Selain Komnas HAM, Badan Pembinaan Ideologi Pancasila (BPIP) juga menerima tambahan anggaran signifikan. Dua lembaga itu disebut mencerminkan perhatian Komisi XIII terhadap penguatan ideologi Pancasila dan penegakan HAM.

Pembagian Anggaran Dibahas Komnas HAM dan Komnas Perempuan

Komisi XIII meminta Komnas HAM dan Komnas Perempuan membahas sendiri pembagian tambahan anggaran tersebut sesuai kebutuhan masing-masing lembaga. Keduanya dinilai lebih memahami prioritas program di internal mereka.

Willy juga mengingatkan agar anggaran Komnas HAM digunakan secara efektif.
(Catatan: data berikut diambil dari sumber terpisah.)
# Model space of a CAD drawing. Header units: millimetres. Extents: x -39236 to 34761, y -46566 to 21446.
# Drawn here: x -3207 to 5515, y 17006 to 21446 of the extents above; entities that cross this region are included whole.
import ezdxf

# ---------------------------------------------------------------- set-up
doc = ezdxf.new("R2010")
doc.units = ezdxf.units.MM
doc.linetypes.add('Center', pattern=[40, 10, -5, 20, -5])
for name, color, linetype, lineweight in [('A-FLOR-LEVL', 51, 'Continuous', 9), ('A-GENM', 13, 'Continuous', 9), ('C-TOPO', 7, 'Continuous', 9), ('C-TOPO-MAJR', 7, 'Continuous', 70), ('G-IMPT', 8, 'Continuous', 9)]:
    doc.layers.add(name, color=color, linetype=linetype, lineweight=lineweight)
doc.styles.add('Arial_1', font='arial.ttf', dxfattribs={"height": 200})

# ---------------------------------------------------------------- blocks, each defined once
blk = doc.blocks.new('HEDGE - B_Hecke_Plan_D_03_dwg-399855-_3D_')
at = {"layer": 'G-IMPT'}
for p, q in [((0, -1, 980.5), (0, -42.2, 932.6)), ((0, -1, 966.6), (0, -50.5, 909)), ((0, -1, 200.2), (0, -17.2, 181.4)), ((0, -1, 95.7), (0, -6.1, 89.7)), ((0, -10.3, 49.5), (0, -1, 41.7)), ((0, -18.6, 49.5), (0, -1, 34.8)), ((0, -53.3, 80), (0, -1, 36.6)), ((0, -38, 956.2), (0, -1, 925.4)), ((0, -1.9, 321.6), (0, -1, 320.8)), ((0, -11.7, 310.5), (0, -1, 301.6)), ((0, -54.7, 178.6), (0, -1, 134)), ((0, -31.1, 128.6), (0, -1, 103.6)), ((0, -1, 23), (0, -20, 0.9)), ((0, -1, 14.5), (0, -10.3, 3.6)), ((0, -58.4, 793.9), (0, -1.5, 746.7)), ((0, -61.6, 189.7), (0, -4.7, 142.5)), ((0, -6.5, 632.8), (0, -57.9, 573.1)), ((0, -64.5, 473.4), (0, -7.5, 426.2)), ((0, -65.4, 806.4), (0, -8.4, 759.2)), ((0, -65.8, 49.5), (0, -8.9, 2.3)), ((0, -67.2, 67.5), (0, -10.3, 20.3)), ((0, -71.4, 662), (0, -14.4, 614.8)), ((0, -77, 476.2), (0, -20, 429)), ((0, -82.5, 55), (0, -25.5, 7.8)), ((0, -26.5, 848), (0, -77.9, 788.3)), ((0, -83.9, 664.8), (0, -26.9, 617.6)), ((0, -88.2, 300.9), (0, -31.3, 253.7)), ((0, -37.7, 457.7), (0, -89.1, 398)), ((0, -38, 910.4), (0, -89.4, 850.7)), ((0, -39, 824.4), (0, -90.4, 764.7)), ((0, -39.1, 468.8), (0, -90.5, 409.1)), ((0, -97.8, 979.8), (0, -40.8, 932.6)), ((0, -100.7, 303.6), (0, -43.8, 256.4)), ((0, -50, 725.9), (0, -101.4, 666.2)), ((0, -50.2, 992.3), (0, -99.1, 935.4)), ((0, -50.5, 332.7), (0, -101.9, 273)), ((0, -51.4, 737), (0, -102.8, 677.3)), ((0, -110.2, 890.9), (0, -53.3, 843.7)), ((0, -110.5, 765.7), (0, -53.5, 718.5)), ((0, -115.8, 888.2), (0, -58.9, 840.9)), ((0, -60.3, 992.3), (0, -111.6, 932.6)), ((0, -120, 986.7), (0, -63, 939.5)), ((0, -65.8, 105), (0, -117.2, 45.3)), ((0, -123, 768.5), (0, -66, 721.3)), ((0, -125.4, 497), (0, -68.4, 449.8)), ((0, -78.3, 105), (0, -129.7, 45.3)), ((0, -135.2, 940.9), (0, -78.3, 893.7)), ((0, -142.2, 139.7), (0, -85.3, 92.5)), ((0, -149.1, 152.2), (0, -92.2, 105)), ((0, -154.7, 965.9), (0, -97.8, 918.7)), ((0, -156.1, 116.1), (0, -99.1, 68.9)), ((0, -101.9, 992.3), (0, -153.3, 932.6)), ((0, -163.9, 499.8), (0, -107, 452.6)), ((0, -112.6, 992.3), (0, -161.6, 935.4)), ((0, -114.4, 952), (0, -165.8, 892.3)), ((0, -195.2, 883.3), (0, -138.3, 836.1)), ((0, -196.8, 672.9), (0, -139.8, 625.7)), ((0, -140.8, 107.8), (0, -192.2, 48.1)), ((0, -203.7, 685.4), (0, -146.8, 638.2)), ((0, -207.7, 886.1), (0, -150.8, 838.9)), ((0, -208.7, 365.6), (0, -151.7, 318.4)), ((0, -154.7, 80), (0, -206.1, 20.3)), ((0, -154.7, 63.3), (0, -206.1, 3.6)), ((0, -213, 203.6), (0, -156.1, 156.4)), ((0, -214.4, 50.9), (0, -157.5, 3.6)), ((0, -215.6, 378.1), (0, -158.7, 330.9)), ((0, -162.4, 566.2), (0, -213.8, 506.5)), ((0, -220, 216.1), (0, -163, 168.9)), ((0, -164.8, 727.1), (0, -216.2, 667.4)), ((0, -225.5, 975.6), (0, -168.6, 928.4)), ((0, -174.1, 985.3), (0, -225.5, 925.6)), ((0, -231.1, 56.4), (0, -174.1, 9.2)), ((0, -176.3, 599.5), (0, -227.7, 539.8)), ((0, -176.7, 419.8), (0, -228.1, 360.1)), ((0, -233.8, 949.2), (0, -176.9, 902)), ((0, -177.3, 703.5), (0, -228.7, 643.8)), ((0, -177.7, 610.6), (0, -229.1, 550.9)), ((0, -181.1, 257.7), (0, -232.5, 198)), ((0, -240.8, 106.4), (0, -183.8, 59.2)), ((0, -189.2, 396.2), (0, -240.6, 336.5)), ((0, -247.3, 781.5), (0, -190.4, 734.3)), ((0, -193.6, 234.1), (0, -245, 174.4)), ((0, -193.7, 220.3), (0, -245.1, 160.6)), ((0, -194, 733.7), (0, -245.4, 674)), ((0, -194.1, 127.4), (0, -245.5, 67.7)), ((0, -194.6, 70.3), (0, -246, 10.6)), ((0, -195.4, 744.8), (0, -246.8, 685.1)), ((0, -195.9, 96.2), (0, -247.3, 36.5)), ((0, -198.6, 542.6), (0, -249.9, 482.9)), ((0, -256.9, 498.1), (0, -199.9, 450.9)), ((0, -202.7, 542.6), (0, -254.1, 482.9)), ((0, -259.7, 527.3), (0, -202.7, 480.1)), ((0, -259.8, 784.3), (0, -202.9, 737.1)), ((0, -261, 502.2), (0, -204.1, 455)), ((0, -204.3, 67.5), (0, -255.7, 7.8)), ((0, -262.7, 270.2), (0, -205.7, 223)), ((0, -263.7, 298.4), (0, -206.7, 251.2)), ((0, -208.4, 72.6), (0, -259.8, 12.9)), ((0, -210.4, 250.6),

Ia meminta program yang dibiayai tambahan tersebut tidak tumpang tindih dengan kegiatan Kementerian HAM.

"Justru kami yang kemudian memperjuangkan anggaran mereka untuk tidak hanya dipulihkan, tapi dinaikkan sesuai dengan permintaan mereka," ujarnya.

Bantahan soal DPR Abaikan Komnas HAM

Pernyataan Willy menjawab anggapan bahwa DPR tidak mengakomodasi kebutuhan Komnas HAM. Menurut dia, keberpihakan Komisi XIII terlihat konkret dalam postur anggaran yang disepakati.

Komisi XIII menaungi sejumlah mitra kerja di bidang hukum, HAM, dan ideologi. Tambahan untuk Komnas HAM dan BPIP disebut sebagai bentuk penajaman prioritas di dua sektor itu.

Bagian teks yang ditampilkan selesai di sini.